Article II - Directors
The business of the Association shall be conducted by a Board of Directors who shall arrange for a suitable principal office for the Association and may provide for such offices elsewhere as they deem necessary, shall fix the compensation of all officers and employees of the Association, shall employ a Manager as hereinafter provided, shall select depositories for the Association’s funds, shall adopt a seal for the Association, and shall have all other powers necessary or proper for the management and conduct of the business and affairs of the Association that are not by law or these By-Laws required to be exercised otherwise.
The Board of Directors shall consist of such number of persons, not less than thirteen and not more than twenty-five, as shall be determined at each annual meeting of the Members which persons shall be either Members of the Association or officers of Member corporations, except that up to four Directors need not be either Members or officers of Member corporations. If a government or governmental agency be a Member, any person or persons duly authorized in writing thereby shall be accredited as such Member for purposes of service on the Board of Directors. A majority of the Directors shall be citizens and residents of the United States, and not less than three Directors shall be residents of the State of New York. At least two of the principal officers of the Association shall be members of the Board of Directors. In no case shall as many as a quorum of the Directors be officers or salaried employees of the Association or of the Manager. The Directors shall be elected at the annual meetings of the Members by a majority of the votes cast thereat. A person, to be eligible for election as a Director, must be nominated by a Member other than himself or a corporation of which he is an officer, by written nomination filed with the Secretary at least fifteen days before the meeting at which Directors are to be elected, provided, however, that a Director qualified and serving at the time of the meeting shall be eligible for nomination for reelection without advance notice. The Directors shall hold office until their successors are chosen and have qualified. Vacancies in the Board of Directors occurring in the interval between annual meetings shall be filled by a majority vote of the remaining Directors as soon as possible after the vacancy occurs, and the persons so elected shall hold office until their successors are chosen and have qualified. In the interval between annual meetings of the Members, the number of Directors (within the above prescribed limits) may be increased, but not decreased, by a three-fourths vote of those present at any meeting of the Board of Directors, but in any event not less than a majority of the entire Board; and vacancies in the Board shall be deemed to exist to the extent of such increase.
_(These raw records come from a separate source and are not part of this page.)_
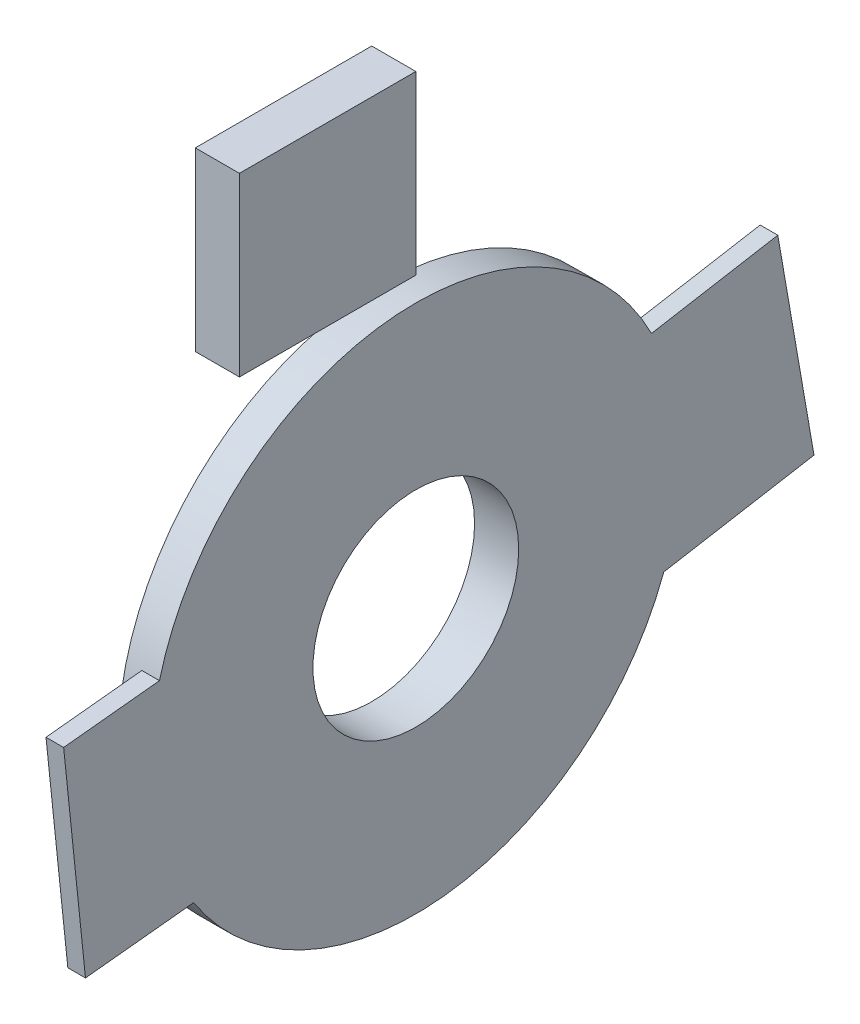
ISO-10303-21;
HEADER;
FILE_DESCRIPTION(('STEP AP214'),'2;1');
FILE_NAME('part.step','',(''),(''),'','','');
FILE_SCHEMA(('AUTOMOTIVE_DESIGN { 1 0 10303 214 1 1 1 1 }'));
ENDSEC;
DATA;
#1=APPLICATION_CONTEXT('core data for automotive mechanical design processes');
#2=APPLICATION_PROTOCOL_DEFINITION('international standard','automotive_design',2000,#1);
#3=PRODUCT_CONTEXT('',#1,'mechanical');
#4=PRODUCT('Part','Part','',(#3));
#5=PRODUCT_RELATED_PRODUCT_CATEGORY('part','',(#4));
#6=PRODUCT_DEFINITION_FORMATION('','',#4);
#7=PRODUCT_DEFINITION_CONTEXT('part definition',#1,'design');
#8=PRODUCT_DEFINITION('design','',#6,#7);
#9=PRODUCT_DEFINITION_SHAPE('','',#8);
#10=(LENGTH_UNIT() NAMED_UNIT(*) SI_UNIT(.MILLI.,.METRE.));
#11=(NAMED_UNIT(*) PLANE_ANGLE_UNIT() SI_UNIT($,.RADIAN.));
#12=(NAMED_UNIT(*) SI_UNIT($,.STERADIAN.) SOLID_ANGLE_UNIT());
#13=UNCERTAINTY_MEASURE_WITH_UNIT(LENGTH_MEASURE(1.E-05),#10,'distance_accuracy_value','');
#14=(GEOMETRIC_REPRESENTATION_CONTEXT(3) GLOBAL_UNCERTAINTY_ASSIGNED_CONTEXT((#13)) GLOBAL_UNIT_ASSIGNED_CONTEXT((#10,
#11,#12)) REPRESENTATION_CONTEXT('',''));
#15=CARTESIAN_POINT('',(0.,0.,0.));
#16=DIRECTION('',(0.,0.,1.));
#17=DIRECTION('',(1.,0.,0.));
#18=AXIS2_PLACEMENT_3D('',#15,#16,#17);
#19=CARTESIAN_POINT('',(-17.9605122421383,20.7763557032716,0.));
#20=DIRECTION('',(0.,-1.,0.));
#21=DIRECTION('',(0.,0.,-1.));
#22=AXIS2_PLACEMENT_3D('',#19,#20,#21);
#23=PLANE('',#22);
#24=DIRECTION('',(0.,0.,1.));
#25=VECTOR('',#24,1.);
#26=CARTESIAN_POINT('',(0.,20.7763557032716,0.));
#27=LINE('',#26,#25);
#28=CARTESIAN_POINT('',(0.,20.7763557032716,0.));
#29=VERTEX_POINT('',#28);
#30=CARTESIAN_POINT('',(0.,20.7763557032716,12.7));
#31=VERTEX_POINT('',#30);
#32=EDGE_CURVE('E55',#29,#31,#27,.T.);
#33=ORIENTED_EDGE('',*,*,#32,.F.);
#34=DIRECTION('',(1.,0.,0.));
#35=VECTOR('',#34,1.);
#36=CARTESIAN_POINT('',(-17.9605122421383,20.7763557032716,0.));
#37=LINE('',#36,#35);
#38=CARTESIAN_POINT('',(3.175,20.7763557032716,0.));
#39=VERTEX_POINT('',#38);
#40=EDGE_CURVE('E83',#29,#39,#37,.T.);
#41=ORIENTED_EDGE('',*,*,#40,.T.);
#42=DIRECTION('',(0.,0.,-1.));
#43=VECTOR('',#42,1.);
#44=CARTESIAN_POINT('',(3.175,20.7763557032716,0.));
#45=LINE('',#44,#43);
#46=CARTESIAN_POINT('',(3.175,20.7763557032716,12.7));
#47=VERTEX_POINT('',#46);
#48=EDGE_CURVE('E87',#47,#39,#45,.T.);
#49=ORIENTED_EDGE('',*,*,#48,.F.);
#50=DIRECTION('',(1.,0.,0.));
#51=VECTOR('',#50,1.);
#52=CARTESIAN_POINT('',(-17.9605122421383,20.7763557032716,12.7));
#53=LINE('',#52,#51);
#54=EDGE_CURVE('E110',#31,#47,#53,.T.);
#55=ORIENTED_EDGE('',*,*,#54,.F.);
#56=EDGE_LOOP('',(#33,#41,#49,#55));
#57=FACE_BOUND('',#56,.T.);
#58=ADVANCED_FACE('F47',(#57),#23,.T.);
#59=CARTESIAN_POINT('',(-17.9605122421383,20.7763557032716,12.7));
#60=DIRECTION('',(0.,0.,1.));
#61=DIRECTION('',(1.,0.,0.));
#62=AXIS2_PLACEMENT_3D('',#59,#60,#61);
#63=PLANE('',#62);
#64=DIRECTION('',(0.,1.,0.));
#65=VECTOR('',#64,1.);
#66=CARTESIAN_POINT('',(0.,20.7763557032716,12.7));
#67=LINE('',#66,#65);
#68=CARTESIAN_POINT('',(0.,33.4763557032716,12.7));
#69=VERTEX_POINT('',#68);
#70=EDGE_CURVE('E61',#31,#69,#67,.T.);
#71=ORIENTED_EDGE('',*,*,#70,.F.);
#72=ORIENTED_EDGE('',*,*,#54,.T.);
#73=DIRECTION('',(0.,-1.,0.));
#74=VECTOR('',#73,1.);
#75=CARTESIAN_POINT('',(3.175,20.7763557032716,12.7));
#76=LINE('',#75,#74);
#77=CARTESIAN_POINT('',(3.175,33.4763557032716,12.7));
#78=VERTEX_POINT('',#77);
#79=EDGE_CURVE('E92',#78,#47,#76,.T.);
#80=ORIENTED_EDGE('',*,*,#79,.F.);
#81=DIRECTION('',(1.,0.,0.));
#82=VECTOR('',#81,1.);
#83=CARTESIAN_POINT('',(-17.9605122421383,33.4763557032716,12.7));
#84=LINE('',#83,#82);
#85=EDGE_CURVE('E113',#69,#78,#84,.T.);
#86=ORIENTED_EDGE('',*,*,#85,.F.);
#87=EDGE_LOOP('',(#71,#72,#80,#86));
#88=FACE_BOUND('',#87,.T.);
#89=ADVANCED_FACE('F119',(#88),#63,.T.);
#90=CARTESIAN_POINT('',(-17.9605122421383,33.4763557032716,0.));
#91=DIRECTION('',(0.,1.,0.));
#92=DIRECTION('',(0.,0.,1.));
#93=AXIS2_PLACEMENT_3D('',#90,#91,#92);
#94=PLANE('',#93);
#95=DIRECTION('',(0.,0.,-1.));
#96=VECTOR('',#95,1.);
#97=CARTESIAN_POINT('',(0.,33.4763557032716,0.));
#98=LINE('',#97,#96);
#99=CARTESIAN_POINT('',(0.,33.4763557032716,0.));
#100=VERTEX_POINT('',#99);
#101=EDGE_CURVE('E112',#69,#100,#98,.T.);
#102=ORIENTED_EDGE('',*,*,#101,.F.);
#103=ORIENTED_EDGE('',*,*,#85,.T.);
#104=DIRECTION('',(0.,0.,1.));
#105=VECTOR('',#104,1.);
#106=CARTESIAN_POINT('',(3.175,33.4763557032716,0.));
#107=LINE('',#106,#105);
#108=CARTESIAN_POINT('',(3.175,33.4763557032716,0.));
#109=VERTEX_POINT('',#108);
#110=EDGE_CURVE('E100',#109,#78,#107,.T.);
#111=ORIENTED_EDGE('',*,*,#110,.F.);
#112=DIRECTION('',(1.,0.,0.));
#113=VECTOR('',#112,1.);
#114=CARTESIAN_POINT('',(-17.9605122421383,33.4763557032716,0.));
#115=LINE('',#114,#113);
#116=EDGE_CURVE('E91',#100,#109,#115,.T.);
#117=ORIENTED_EDGE('',*,*,#116,.F.);
#118=EDGE_LOOP('',(#102,#103,#111,#117));
#119=FACE_BOUND('',#118,.T.);
#120=ADVANCED_FACE('F117',(#119),#94,.T.);
#121=CARTESIAN_POINT('',(-17.9605122421383,20.7763557032716,0.));
#122=DIRECTION('',(0.,0.,-1.));
#123=DIRECTION('',(-1.,0.,0.));
#124=AXIS2_PLACEMENT_3D('',#121,#122,#123);
#125=PLANE('',#124);
#126=DIRECTION('',(0.,-1.,0.));
#127=VECTOR('',#126,1.);
#128=CARTESIAN_POINT('',(0.,20.7763557032716,0.));
#129=LINE('',#128,#127);
#130=EDGE_CURVE('E12',#100,#29,#129,.T.);
#131=ORIENTED_EDGE('',*,*,#130,.F.);
#132=ORIENTED_EDGE('',*,*,#116,.T.);
#133=DIRECTION('',(0.,1.,0.));
#134=VECTOR('',#133,1.);
#135=CARTESIAN_POINT('',(3.175,20.7763557032716,0.));
#136=LINE('',#135,#134);
#137=EDGE_CURVE('E94',#39,#109,#136,.T.);
#138=ORIENTED_EDGE('',*,*,#137,.F.);
#139=ORIENTED_EDGE('',*,*,#40,.F.);
#140=EDGE_LOOP('',(#131,#132,#138,#139));
#141=FACE_BOUND('',#140,.T.);
#142=ADVANCED_FACE('F95',(#141),#125,.T.);
#143=CARTESIAN_POINT('',(3.175,0.,0.));
#144=DIRECTION('',(-1.,0.,0.));
#145=DIRECTION('',(0.,0.,1.));
#146=AXIS2_PLACEMENT_3D('',#143,#144,#145);
#147=PLANE('',#146);
#148=ORIENTED_EDGE('',*,*,#48,.T.);
#149=ORIENTED_EDGE('',*,*,#137,.T.);
#150=ORIENTED_EDGE('',*,*,#110,.T.);
#151=ORIENTED_EDGE('',*,*,#79,.T.);
#152=EDGE_LOOP('',(#148,#149,#150,#151));
#153=FACE_BOUND('',#152,.T.);
#154=ADVANCED_FACE('F102',(#153),#147,.F.);
#155=CARTESIAN_POINT('',(0.,0.,0.));
#156=DIRECTION('',(1.,0.,0.));
#157=DIRECTION('',(0.,0.,-1.));
#158=AXIS2_PLACEMENT_3D('',#155,#156,#157);
#159=PLANE('',#158);
#160=ORIENTED_EDGE('',*,*,#32,.T.);
#161=ORIENTED_EDGE('',*,*,#70,.T.);
#162=ORIENTED_EDGE('',*,*,#101,.T.);
#163=ORIENTED_EDGE('',*,*,#130,.T.);
#164=EDGE_LOOP('',(#160,#161,#162,#163));
#165=FACE_BOUND('',#164,.T.);
#166=ADVANCED_FACE('F121',(#165),#159,.F.);
#167=CLOSED_SHELL('',(#58,#89,#120,#142,#154,#166));
#168=MANIFOLD_SOLID_BREP('B2',#167);
#169=CARTESIAN_POINT('',(0.,0.,0.));
#170=DIRECTION('',(1.,0.,0.));
#171=DIRECTION('',(0.,0.,-1.));
#172=AXIS2_PLACEMENT_3D('',#169,#170,#171);
#173=PLANE('',#172);
#174=CARTESIAN_POINT('',(0.,0.,0.));
#175=DIRECTION('',(1.,0.,0.));
#176=DIRECTION('',(0.,0.,-1.));
#177=AXIS2_PLACEMENT_3D('',#174,#175,#176);
#178=CIRCLE('',#177,7.40567190289533);
#179=CARTESIAN_POINT('',(0.,0.,-7.40567190289533));
#180=VERTEX_POINT('',#179);
#181=EDGE_CURVE('E309',#180,#180,#178,.T.);
#182=ORIENTED_EDGE('',*,*,#181,.T.);
#183=EDGE_LOOP('',(#182));
#184=FACE_BOUND('',#183,.T.);
#185=CARTESIAN_POINT('',(0.,0.,0.));
#186=DIRECTION('',(-1.,0.,0.));
#187=DIRECTION('',(0.,0.,1.));
#188=AXIS2_PLACEMENT_3D('',#185,#186,#187);
#189=CIRCLE('',#188,9.525);
#190=CARTESIAN_POINT('',(0.,0.,9.525));
#191=VERTEX_POINT('',#190);
#192=EDGE_CURVE('E305',#191,#191,#189,.T.);
#193=ORIENTED_EDGE('',*,*,#192,.T.);
#194=EDGE_LOOP('',(#193));
#195=FACE_BOUND('',#194,.T.);
#196=ADVANCED_FACE('F172',(#184,#195),#173,.F.);
#197=CARTESIAN_POINT('',(3.175,0.,0.));
#198=DIRECTION('',(-1.,0.,0.));
#199=DIRECTION('',(0.,0.,1.));
#200=AXIS2_PLACEMENT_3D('',#197,#198,#199);
#201=CYLINDRICAL_SURFACE('',#200,19.05);
#202=CARTESIAN_POINT('',(1.905,0.,0.));
#203=DIRECTION('',(1.,0.,0.));
#204=DIRECTION('',(0.,0.,-1.));
#205=AXIS2_PLACEMENT_3D('',#202,#203,#204);
#206=CIRCLE('',#205,19.05);
#207=CARTESIAN_POINT('',(1.905,4.72453771983836,18.4548433570655));
#208=VERTEX_POINT('',#207);
#209=CARTESIAN_POINT('',(1.905,-10.3424247438689,15.998023328443));
#210=VERTEX_POINT('',#209);
#211=EDGE_CURVE('E45',#208,#210,#206,.T.);
#212=ORIENTED_EDGE('',*,*,#211,.F.);
#213=DIRECTION('',(-1.,0.,0.));
#214=VECTOR('',#213,1.);
#215=CARTESIAN_POINT('',(3.175,4.72453771983836,18.4548433570655));
#216=LINE('',#215,#214);
#217=CARTESIAN_POINT('',(3.175,4.72453771983836,18.4548433570655));
#218=VERTEX_POINT('',#217);
#219=EDGE_CURVE('E244',#208,#218,#216,.F.);
#220=ORIENTED_EDGE('',*,*,#219,.T.);
#221=CARTESIAN_POINT('',(3.175,0.,0.));
#222=DIRECTION('',(1.,0.,0.));
#223=DIRECTION('',(0.,0.,-1.));
#224=AXIS2_PLACEMENT_3D('',#221,#222,#223);
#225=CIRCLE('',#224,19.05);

The Directors shall receive for their services each year such compensation as shall be determined by the Members at their annual meeting. Each Director shall, in addition, be entitled to be reimbursed for any expense incurred by him in connection with his duties as Director.
The Board of Directors shall hold an annual meeting immediately following the Members’ annual meeting and such further regular meetings (not less than three per annum) at such times, places, and at such intervals as may be fixed by resolution of the Board of Directors; and the Chairman, Secretary or two Directors shall have power to call a special meeting of the Directors upon two days notice. Every Director shall, for all purposes, be deemed to have been duly notified of any meeting if he shall be present thereat in person, or shall before or after the meeting file with the Secretary a waiver of the notice thereof. One meeting of the Board of Directors shall be held within the State of New York and the three other regular meetings may be held elsewhere. A majority of the Directors shall constitute a quorum for the transaction of business and the concurrence of a majority of the Directors present shall be sufficient for any action except as may be otherwise provided herein or in the Association’s Charter or in law. If a quorum be not present those in attendance may adjourn the meeting to a future time and place. Any action required or permitted to be taken by the Board of Directors or any committee thereof may be taken without a meeting if all Members of the Board of Directors or committee consent in writing to the adoption of a resolution authorizing the action.
No Director shall act upon any claim against the Association in which he, or any corporation of which he is an officer, director, employee or stockholder, is interested.
The Board of Directors shall cause the accounts of the Association to be audited every fiscal year by the auditor appointed by the Members, and such audited accounts shall be presented to the Board of Directors at the annual meeting each year.
The Board of Directors, by resolution adopted by a majority of the entire Board, may designate from among its members an Executive Committee and other committees, each consisting of one or more directors, and each of which, to the extent provided in the resolution and permitted by the Charter or By-Laws, shall have all the authority of the Board, consistent with the laws of the State of New York. The Board may designate one or more Directors as alternative members of any such committee, who may replace any absent or disqualified member or members at any meeting of such committees. Each such committee shall serve at the pleasure of the Board.